The “depoliticization” of economic discourse is a political project aimed at foreclosing any viable alternative to capitalism. To empower workers and resist today’s exploitative capital order, we must revive the lost tradition of classical political economy.
NEW YORK – When seeking empathy for their financial woes, most people know better than to talk to an economist. To understand how the field gained a reputation for not caring about social-justice issues requires tracing the origins of the intellectual paradigm that dominates academia economics and public policy today.
In 1921, Maffeo Pantaleoni, widely recognized as one of the architects of today’s mainstream economic framework and a close collaborator of Italian economist and sociologist Vilfredo Pareto, expressed his disdain for the working class. “It is disgusting,” he wrote, “to witness the masses of workers that are drunk in all our cities.” The “notable increase of wages,” he observed, “was not accompanied by greater civilization so that the worker and his spouse live like pigs (porci) in their homes in order to waste the greatest part of their income in wine at the tavern.”
Horrified at the thought of workers gaining economic rights, Pantaleoni felt an urgent need to help fix what he perceived as a world descending into chaos. World War I had led many European citizens to demand a complete overhaul of their capitalist economies. They sought to replace exploitative structures with emancipated work and prioritize public service and production for use over profit-driven output. During Italy’s so-called Red Years (1919-20), citizens challenged established social hierarchies in unprecedented ways. Peasants collectively managed agriculture through assemblies and cooperatives, while workers took over factories and managed production through councils. These gatherings were widely viewed as the institutional basis for economic democracy.

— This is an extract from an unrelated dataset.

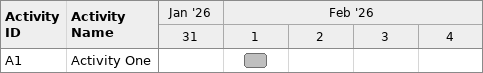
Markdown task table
| ID | Task | Start | Finish |
|---|---|---|---|
| A1 | Activity One | 2026-02-01 | 2026-02-01 |

As workers stormed the stage of history with visions of an alternative society, the defense of capitalism took on more powerful forms. Pantaleoni and his colleagues played a vital role in shaping a new economic paradigm that continues to capture – and, at times, suppress – people’s political imagination, leading to a resigned acceptance of the current capitalist system as the only viable option.
This dominance was achieved through a multifaceted and powerful process of “depoliticization.” Although this tactic has become so ingrained in contemporary discourse that today it goes unnoticed, a close examination of early-twentieth-century economic thinking shows that the process of depoliticizing the economy was, in itself, profoundly political.
As part of this process, the term “pure economics” emerged as the new label for what until then had been known as “political economy.” This strategic rebranding positioned economic knowledge as “objective” and “neutral,” thus detaching it from class dynamics and endowing economic experts with an aura of omniscience that enabled them to oppose workers’ mobilization from a position of authority. Economics was treated as a “hard” science, and its practitioners were cast as the sole gatekeepers of infallible models that the benighted masses were too stupid to understand.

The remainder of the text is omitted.